Show example snippet (optional)
onceonly.py
from onceonly import OnceOnly import os once = OnceOnly(api_key=os.environ["ONCEONLY_API_KEY"], fail_open=True) # Stable idempotency key per real side-effect. # Use a request id / job id / webhook delivery id / Stripe event id, etc. event_id = "evt_..." # replace key = f"stripe:webhook:{event_id}" res = once.check_lock(key=key, ttl=3600) if res.duplicate: return {"status": "already_processed"} # Safe to execute the side-effect exactly once. handle_event(event_id)

See OnceOnly SDK

When NOT to use: Do not use this to hide logic bugs or data corruption. Use it to block duplicate external side-effects and enforce tool permissions/spend caps.

Fix reference: https://github.com/celery/celery/pull/6578

First fixed release: 5.1.0b1

Last verified: 2026-02-09. Validate in your environment.

Get updates

We publish verified fixes weekly. No spam.

Subscribe

When NOT to Use This Fix

  • This fix should not be applied if the application requires a fixed timeout for chord joins.
  • Do not use this to hide logic bugs or data corruption. Use it to block duplicate external side-effects and enforce tool permissions/spend caps.

Verify Fix

verify
Follow the reproduction steps, confirm the failure, apply the fix, and repeat the same steps to verify the behavior changes.

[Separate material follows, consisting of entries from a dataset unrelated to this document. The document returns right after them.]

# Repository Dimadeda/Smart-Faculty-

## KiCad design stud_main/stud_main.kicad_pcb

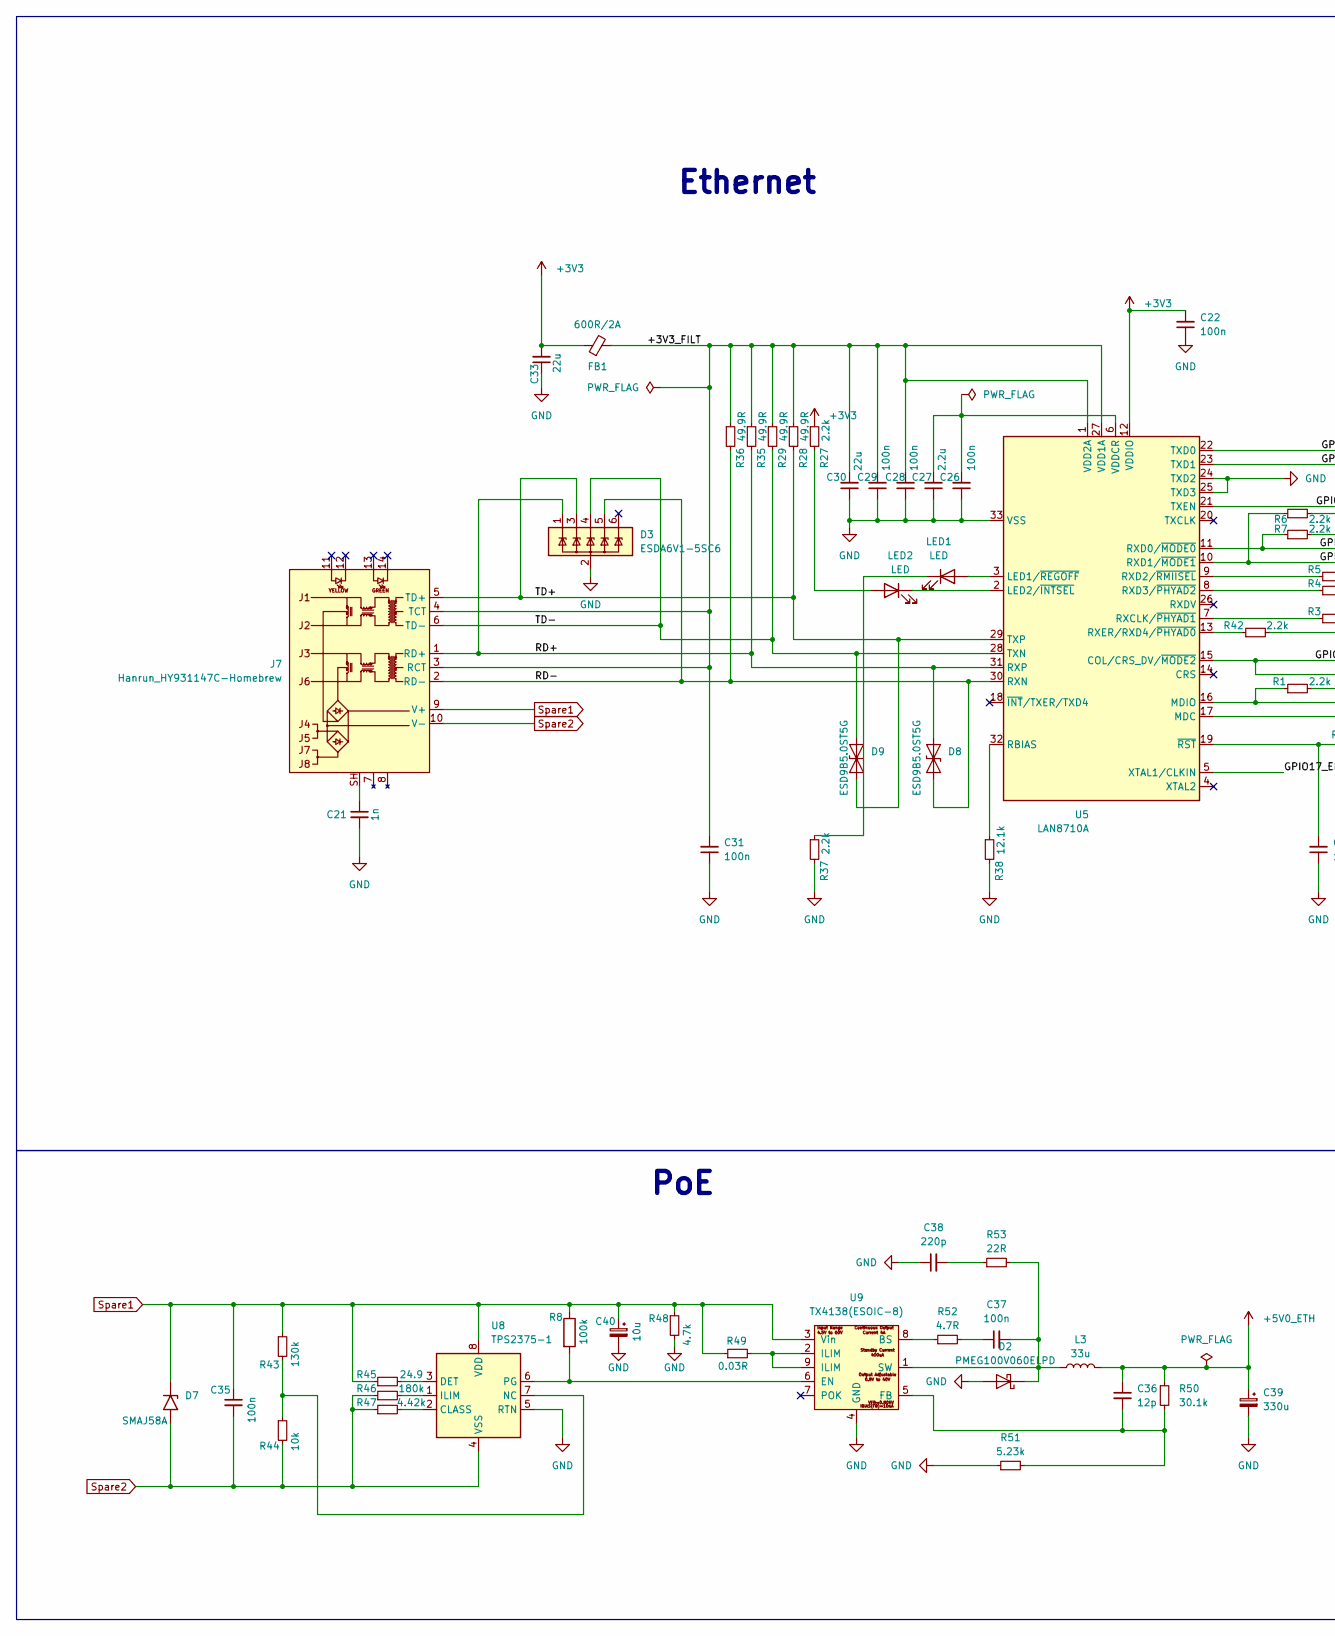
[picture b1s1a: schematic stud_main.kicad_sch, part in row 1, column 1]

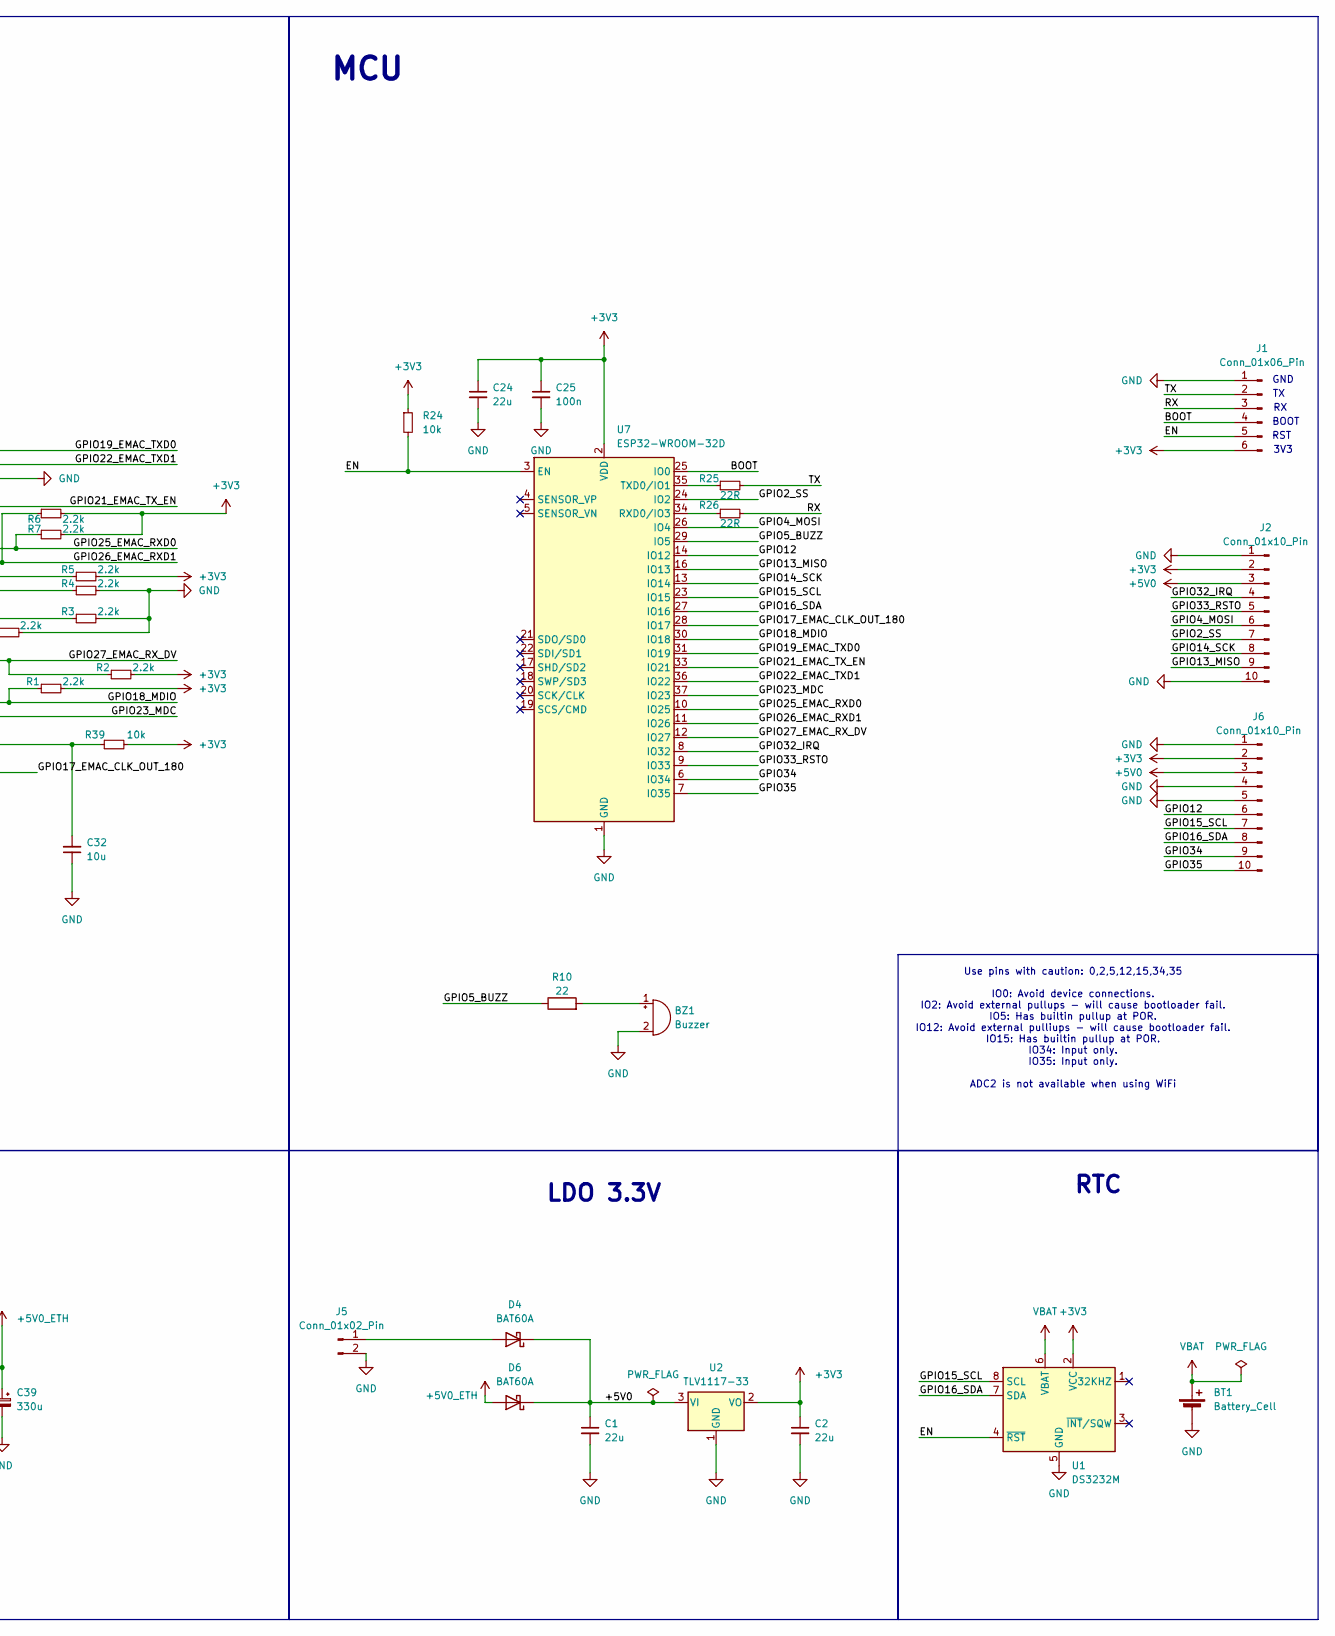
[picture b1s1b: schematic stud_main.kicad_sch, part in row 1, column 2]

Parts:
BT1: Battery_Cell; BatteryHolder_Keystone_1060_1x2032
BZ1: Buzzer; Buzzer_12x9.5RM7.6
C1, C2, C24, C30, C33: 22u; C_0805_2012Metric_Pad1.18x1.45mm_HandSolder
C21: 1n; C_0805_2012Metric_Pad1.18x1.45mm_HandSolder
C22, C25, C26, C28, C29, C35, C37: 100n; C_0805_2012Metric
C27: 2.2u; C_0805_2012Metric_Pad1.18x1.45mm_HandSolder
C31: 100n; C_0805_2012Metric_Pad1.18x1.45mm_HandSolder
C32: 10u; C_0805_2012Metric_Pad1.18x1.45mm_HandSolder
C36: 12p; C_0805_2012Metric_Pad1.18x1.45mm_HandSolder
C38: 220p; C_0805_2012Metric_Pad1.18x1.45mm_HandSolder
C39: 330u; CP_EIA-7343-30_AVX-N_Pad2.25x2.55mm_HandSolder
C40: 10u; C_1210_3225Metric
D2: PMEG100V060ELPD; Nexperia_CFP15_SOT-1289
D3: ESDA6V1-5SC6; SOT-23-6
D4, D6: BAT60A; D_SOD-323
D7: SMAJ58A; D_SMA
D8, D9: ESD9B5.0ST5G; D_SOD-923
FB1: 600R/2A; L_0805_2012Metric
J1: Conn_01x06_Pin; PinHeader_1x06_P2.54mm_Vertical
J2, J6: Conn_01x10_Pin; PinHeader_1x10_P2.54mm_Vertical
J5: Conn_01x02_Pin; PinHeader_1x02_P2.54mm_Vertical
J7: Hanrun_HY931147C-Homebrew; RJ45_Hanrun_HY934711C
L3: 33u; L_Sumida_CDMC6D28_7.25x6.5mm
LED1, LED2: LED; LED_0805_2012Metric
R1, R2, R3, R4, R5, R6, R7, R27, R37, R42: 2.2k; R_0805_2012Metric_Pad1.20x1.40mm_HandSolder
R8: 100k; R_0805_2012Metric_Pad1.20x1.40mm_HandSolder
R10: 22; R_0805_2012Metric
R24, R39, R44: 10k; R_0805_2012Metric_Pad1.20x1.40mm_HandSolder
R25, R26, R53: 22R; R_0805_2012Metric_Pad1.20x1.40mm_HandSolder
R28, R29, R35, R36: 49.9R; R_0805_2012Metric_Pad1.20x1.40mm_HandSolder
R38: 12.1k; R_0805_2012Metric_Pad1.20x1.40mm_HandSolder
R43: 130k; R_0805_2012Metric_Pad1.20x1.40mm_HandSolder
R45: 24.9; R_0805_2012Metric_Pad1.20x1.40mm_HandSolder
R46: 180k; R_0805_2012Metric_Pad1.20x1.40mm_HandSolder
R47: 4.42k; R_0805_2012Metric_Pad1.20x1.40mm_HandSolder
R48: 4.7k; R_1812_4532Metric_Pad1.30x3.40mm_HandSolder
R49: 0.03R; R_1206_3216Metric_Pad1.30x1.75mm_HandSolder
R50: 30.1k; R_0805_2012Metric_Pad1.20x1.40mm_HandSolder
R51: 5.23k; R_0805_2012Metric_Pad1.20x1.40mm_HandSolder
R52: 4.7R; R_0805_2012Metric_Pad1.20x1.40mm_HandSolder
U1: DS3232M; SOIC-8_3.9x4.9mm_P1.27mm
U2: TLV1117-33; SOT-223-3_TabPin2
U5: LAN8710A; QFN-32-1EP_5x5mm_P0.5mm_EP3.3x3.3mm_ThermalVias
U7: ESP32-WROOM-32D
U8: TPS2375-1; TSSOP-8_4.4x3mm_P0.65mm
U9: TX4138(ESOIC-8); SOIC-8-1EP_3.9x4.9mm_P1.27mm_EP2.41x3.3mm

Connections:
+3V3: C2.1, C22.2, C24.1, C25.1, C33.2, FB1.1, J1.6, J2.2, J6.2, R1.2, R2.2, R5.2, R6.2, R7.2, R24.1, R27.1, R39.2, U1.2 (VCC), U2.2 (VO), U5.12 (VDDIO), U7.2 (VDD)
+5V0: C1.1, D4.1 (K), D6.1 (K), J2.3, J6.3, U2.3 (VI)
+5V0_ETH: C36.1, C39.1, D6.2 (A), L3.2, R50.1
/+3V3_FILT: C28.2, C29.2, C30.2, C31.2, FB1.2, J7.3 (RCT), J7.4 (TCT), R28.1, R29.1, R35.1, R36.1, U5.1 (VDD2A), U5.27 (VDD1A)
/BOOT: J1.4, U7.25 (IO0)
/EN: J1.5, R24.2, U1.4 (~RST), U7.3 (EN)
/GPIO2_SS: J2.7, U7.24 (IO2)
/GPIO4_MOSI: J2.6, U7.26 (IO4)
/GPIO5_BUZZ: R10.1, U7.29 (IO5)
/GPIO12: J6.6, U7.14 (IO12)
/GPIO13_MISO: J2.9, U7.16 (IO13)
/GPIO14_SCK: J2.8, U7.13 (IO14)
/GPIO15_SCL: J6.7, U1.8 (SCL), U7.23 (IO15)
/GPIO16_SDA: J6.8, U1.7 (SDA), U7.27 (IO16)
/GPIO17_EMAC_CLK_OUT_180: U5.5 (XTAL1/CLKIN), U7.28 (IO17)
/GPIO18_MDIO: R1.1, U5.16 (MDIO), U7.30 (IO18)
/GPIO19_EMAC_TXD0: U5.22 (TXD0), U7.31 (IO19)
/GPIO21_EMAC_TX_EN: U5.21 (TXEN), U7.33 (IO21)
/GPIO22_EMAC_TXD1: U5.23 (TXD1), U7.36 (IO22)
/GPIO23_MDC: U5.17 (MDC), U7.37 (IO23)
/GPIO25_EMAC_RXD0: R7.1, U5.11 (RXD0/~MODE0), U7.10 (IO25)
/GPIO26_EMAC_RXD1: R6.1, U5.10 (RXD1/~MODE1), U7.11 (IO26)
/GPIO27_EMAC_RX_DV: R2.1, U5.15 (COL/CRS_DV/~MODE2), U7.12 (IO27)
/GPIO32_IRQ: J2.4, U7.8 (IO32)
/GPIO33_RSTO: J2.5, U7.9 (IO33)
/GPIO34: J6.9, U7.6 (IO34)
/GPIO35: J6.10, U7.7 (IO35)
/RD+: D3.1 (IO1), D8.2 (A2), J7.1 (RD+), R35.2, U5.31 (RXP)
/RD-: D3.5 (IO4), D8.1 (A1), J7.2 (RD-), R36.2, U5.30 (RXN)
/RX: J1.3, R26.2
/TD+: D3.3 (IO2), D9.2 (A2), J7.5 (TD+), R28.2, U5.29 (TXP)
/TD-: D3.4 (IO3), D9.1 (A1), J7.6 (TD-), R29.2, U5.28 (TXN)
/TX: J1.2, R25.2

Did This Fix Work in Your Case?

Quick signal helps us prioritize which fixes to verify and improve.

Prevention

  • Make timeouts explicit and test them (unit + integration) to avoid silent behavior changes.
  • Instrument retries (attempt count + reason) and alert on spikes to catch dependency slowdowns.

Version Compatibility Table

VersionStatus
5.1.0b1 Fixed

Related Issues

No related fixes found.

Sources

We don’t republish the full GitHub discussion text. Use the links above for context.